But someday is not tomorrow or the day after, and in the meantime, the routine of writing daily without some kind of conclusion in sight was becoming a bit of a grind.  And in the meantime, life holds other joys I want to fully explore, like photography.  Truthfully, I was finding it harder and harder to blog regularly.  So I took a little break.  And I've come to the decision that I don't know how much longer I will continue to blog.  It will certainly be less regular than it has in the past.  I am not going to feel committed to writing every day.   

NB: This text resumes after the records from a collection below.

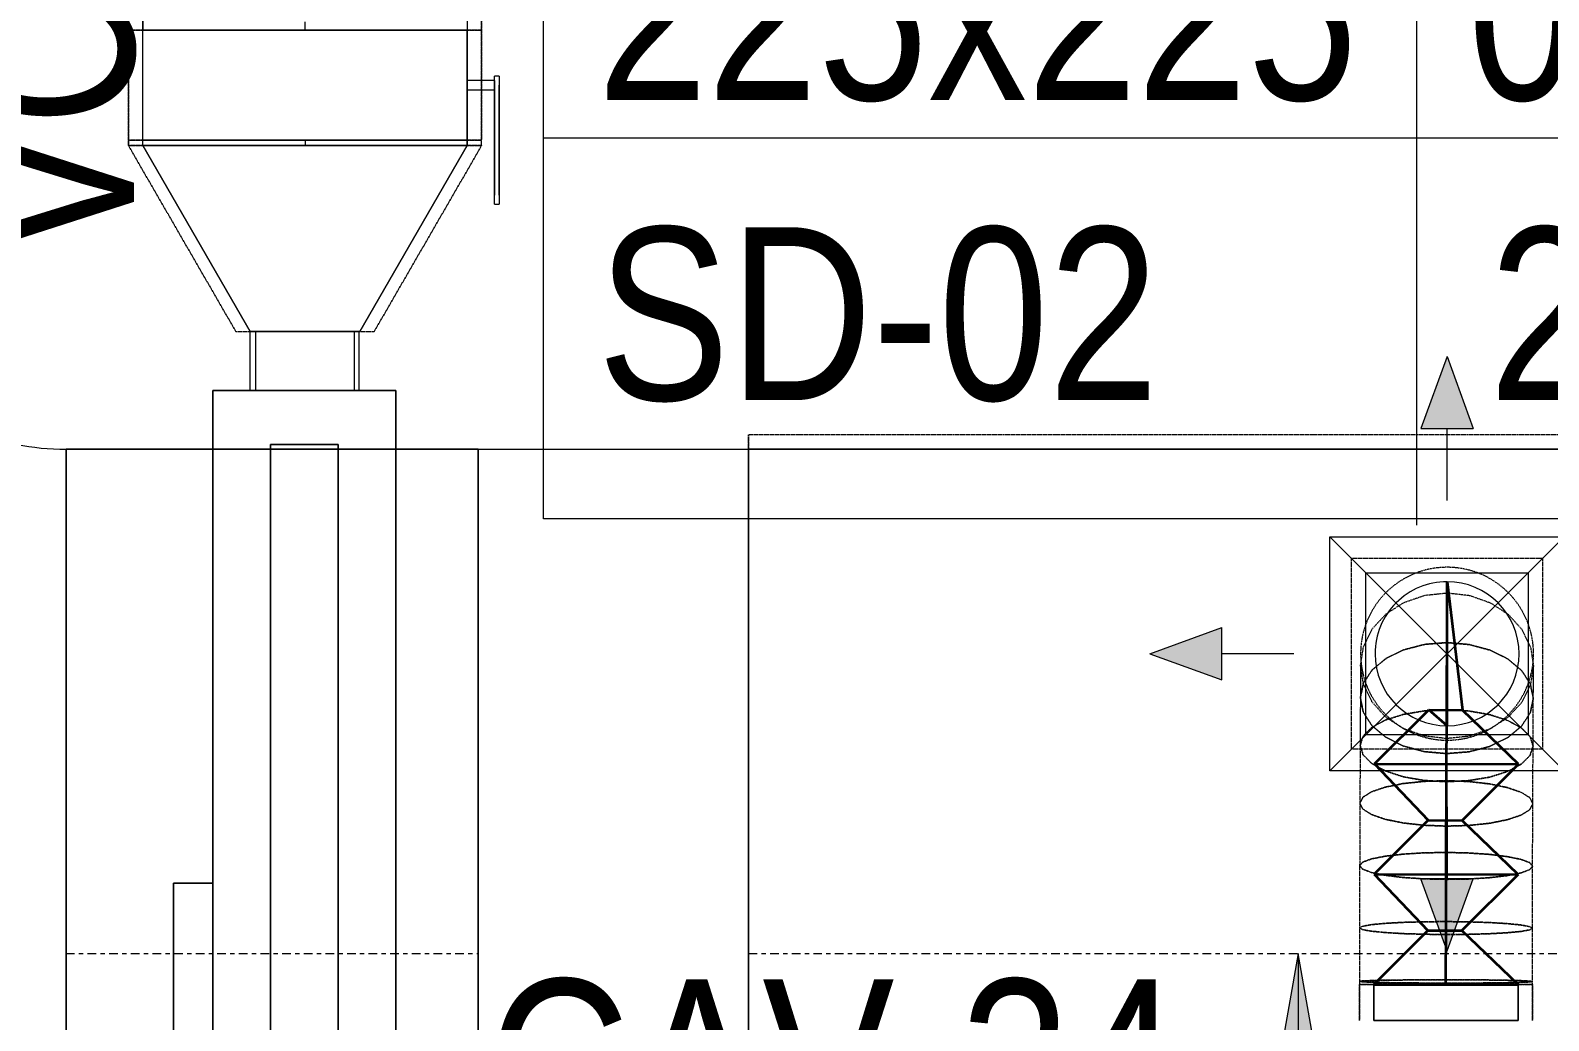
# Model space of a CAD drawing. Header units: inches. Extents: x -83664 to 20107, y -47222 to 19398.
# Drawn here: x -24262 to -22155, y -39320 to -37945 of the extents above; entities that cross this region are included whole.
import ezdxf

# ---------------------------------------------------------------- set-up
doc = ezdxf.new("R2010")
doc.units = ezdxf.units.IN
doc.header["$MEASUREMENT"] = 0
doc.linetypes.add('Center', pattern=[29.999999, 12, -6, 6, -6])
doc.linetypes.add('Hidden 0_50', pattern=[1.0584, 0.5292, -0.5292])
for name, color, linetype, lineweight, true_color in [('A-DETL', 7, 'Continuous', 18, 0x00a600), ('M-HVAC-DUCT', 7, 'Continuous', 9, 0xffe97f), ('M-HVAC-DUCT-PATT', 7, 'Continuous', 35, 0x007f00)]:
    doc.layers.add(name, color=color, linetype=linetype, lineweight=lineweight, true_color=true_color)
for name, color, linetype, lineweight in [('A-DETL-GENF', 7, 'Continuous', 9), ('G-ANNO-TEXT', 7, 'Continuous', 9), ('M-EQPM', 7, 'Continuous', 18), ('M-HVAC-CDFF', 7, 'Continuous', 9), ('M-HVAC-DUCT-CNTR', 7, 'Center', 9), ('M-HVAC-DUCT-IDEN', 7, 'Continuous', 18)]:
    doc.layers.add(name, color=color, linetype=linetype, lineweight=lineweight)
doc.styles.add('Arial Narrow_21', font='ARIALN.TTF', dxfattribs={"height": 240})

# ---------------------------------------------------------------- blocks, each defined once
blk = doc.blocks.new('CAV - CAV-34-9301327-FIRST FLOOR AC CONDITIONING LAYOUT - PART A')
at = {"layer": 'M-EQPM', "color": 30, "true_color": 0xff7f00}
for p, q in [((-183.8, 181.7), (-403.8, 181.7)), ((-403.8, 181.7), (-183.8, 181.7)), ((-403.8, 181.7), (-403.8, 127)), ((-403.8, 181.7), (-403.8, 127)), ((-183.8, 127), (-183.8, 181.7)), ((-183.8, 181.7), (-183.8, 127)), ((500, 127), (-500, 127)), ((-500, 127), (-500, -127)), ((-500, -127), (-500, 127)), ((-500, 127), (500, 127)), ((-183.8, 127), (-403.8, 127)), ((-403.8, 127), (-183.8, 127)), ((500, -127), (500, 127)), ((500, 127), (500, -127)), ((-500, 76), (-581.8, 76)), ((-581.8, 76), (-581.8, -76)), ((-581.8, 76), (-581.8, -76)), ((-500, 67.7), (-581.8, 67.7)), ((-581.8, -69.3), (-581.8, 67.7)), ((-581.8, -69.3), (-581.8, 67.7)), ((-500, -76), (-500, 76)), ((-500, -76), (-500, 76)), ((-500, 67.7), (-500, -69.3)), ((-500, 67.7), (-500, -69.3)), ((581.8, 76), (500, 76)), ((500, 76), (500, -76)), ((500, 76), (500, -76)), ((581.8, 67.7), (500, 67.7)), ((500, -69.3), (500, 67.7)), ((500, -69.3), (500, 67.7)), ((581.8, -76), (581.8, 76)), ((581.8, -76), (581.8, 76)), ((581.8, 67.7), (581.8, -69.3)), ((581.8, 67.7), (581.8, -69.3)), ((-425, -46.8), (-425, 47.3)), ((-425, 47.3), (425, 47.3)), ((425, 47.3), (-425, 47.3)), ((-425, 47.3), (-425, -46.8)), ((425, 47.3), (425, -46.8)), ((425, -46.8), (425, 47.3)), ((425, -46.8), (-425, -46.8)), ((-425, -46.8), (425, -46.8)), ((-581.8, -69.3), (-500, -69.3)), ((-581.8, -76), (-500, -76)), ((500, -69.3), (581.8, -69.3)), ((500, -76), (581.8, -76)), ((-500, -127), (500, -127)), ((500, -127), (-500, -127))]:
    blk.add_line(p, q, dxfattribs=at)
blk = doc.blocks.new('GCE-AT-Supply Air Rectangular Diffuser - 225x225-V53-FIRST FLOOR AC CONDITIONING LAYOUT - PART A')
at = {"layer": 'A-DETL-GENF', "true_color": 0xff7f00}
for points in [[(36.4, 312.5), (0, 412.5), (-36.4, 312.5)], [(-312.5, -36.4), (-312.5, 36.4), (-412.5, 0)], [(312.5, -36.4), (412.5, 0), (312.5, 36.4)], [(0, -412.5), (36.4, -312.5), (-36.4, -312.5)]]:
    blk.add_hatch(color=30, dxfattribs=at).paths.add_polyline_path(points)
at = {"layer": 'A-DETL-GENF', "color": 30, "true_color": 0xff7f00}
for p, q in [((0, 412.5), (-36.4, 312.5)), ((0, 412.5), (36.4, 312.5)), ((-36.4, 312.5), (36.4, 312.5)), ((0, 212.5), (0, 312.5)), ((-162.5, -162.5), (162.5, 162.5)), ((-162.5, 162.5), (162.5, -162.5)), ((-162.5, -162.5), (-162.5, 162.5)), ((-162.5, 162.5), (162.5, 162.5)), ((162.5, 162.5), (162.5, -162.5)), ((-412.5, 0), (-312.5, 36.4)), ((-312.5, -36.4), (-312.5, 36.4)), ((312.5, 36.4), (312.5, -36.4)), ((412.5, 0), (312.5, 36.4)), ((212.5, 0), (312.5, 0)), ((-412.5, 0), (-312.5, -36.4)), ((-212.5, 0), (-312.5, 0)), ((412.5, 0), (312.5, -36.4)), ((162.5, -162.5), (-162.5, -162.5)), ((0, -212.5), (0, -312.5)), ((36.4, -312.5), (-36.4, -312.5)), ((0, -412.5), (-36.4, -312.5)), ((0, -412.5), (36.4, -312.5))]:
    blk.add_line(p, q, dxfattribs=at)
blk = doc.blocks.new('M_Rec to Rnd Transition - Angle - 60 Degree-7692085-FIRST FLOOR AC CONDITIONING LAYOUT - PART A')
at = {"layer": 'M-HVAC-DUCT', "color": 30, "true_color": 0xff7f00}
for p, q in [((0, 100), (50, 100)), ((50, 100), (0, 100)), ((0, 100), (0, -100)), ((0, -100), (0, 100)), ((50, 0), (50, 100)), ((50, 0), (50, 100)), ((50, -100), (50, 0)), ((50, -100), (50, 0)), ((0, -100), (50, -100)), ((50, -100), (0, -100))]:
    blk.add_line(p, q, dxfattribs=at)
blk = doc.blocks.new('M_Rectangular to Round Transition - Angle - 45 Degree-7598641-FIRST FLOOR AC CONDITIONING LAYOUT - PART A')
at = {"layer": 'M-HVAC-DUCT', "color": 30, "true_color": 0xff7f00}
for p, q in [((98623.4, 55249.6), (98623.4, 55474.6)), ((98623.4, 55474.6), (98848.4, 55474.6)), ((98848.4, 55474.6), (98848.4, 55249.6)), ((98848.4, 55249.6), (98623.4, 55249.6))]:
    blk.add_line(p, q, dxfattribs=at)
for start, end in [(90, 180), (0, 90), (180, 270), (270, 0)]:
    blk.add_arc((98735.9, 55362.1), 100, start, end, dxfattribs=at)
blk = doc.blocks.new('TEMW-ME-DMP-Volume Control Damper - Standard-V113-FIRST FLOOR AC CONDITIONING LAYOUT - PART A')
at = {"layer": 'M-HVAC-DUCT', "color": 30, "true_color": 0xff7f00}
for p, q in [((-165.1, 263.1), (-165.1, 269.45)), ((-152.4, 269.45), (-165.1, 269.45)), ((-165.1, 263.1), (-152.4, 263.1)), ((0, 269.45), (-152.4, 269.45)), ((-152.4, 269.45), (0, 269.45)), ((0, 263.1), (-152.4, 263.1)), ((-152.4, 263.1), (0, 263.1)), ((-6.35, 225), (-6.35, 263.1)), ((6.35, 263.1), (-6.35, 263.1)), ((6.35, 263.1), (-6.35, 263.1)), ((12.7, 269.45), (0, 269.45)), ((0, 263.1), (12.7, 263.1)), ((6.35, 263.1), (6.35, 225)), ((12.7, 269.45), (12.7, 263.1)), ((-76.2, 225), (-76.2, -225)), ((-76.2, -225), (-76.2, 225)), ((76.2, 225), (-76.2, 225)), ((-76.2, 225), (76.2, 225)), ((-76.2, 225), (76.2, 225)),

It's a part of an overall effort to take some control over the "busy-ness" in my life and make my family and my serenity a priority.  I am purposefully shedding some responsibilities in all areas of my life.  I am saying "no", and I mean it.  I roll off my committee assignments at church at the end of the year, and I've asked to be taken off a civic board a year early, in January.  I've been on that board for five years, and it's time for someone else to step up.   That means I will hold no volunteer leadership positions for the next year.  For twelve months, I will do what a lot of other folks do, I will simply show up and enjoy the fruits of someone else's leadership and labor.  I will help Hubby take care of his dad, I will nurture Teen Angel into adulthood and I will enjoy some free time.  And I won't feel guilty about it.

I will blog from time to time, but only when I feel like it.  I will post as the mood hits me, and I will use some of the time I've gained to savor some "me" time. "Me" meaning family.  I may actually watch a little television--if Dish Network quits breaking up with channels I love.  I will read more, and I will definitely take more pictures.  I hope you will continue to join me.  I have missed you, my blogging friends.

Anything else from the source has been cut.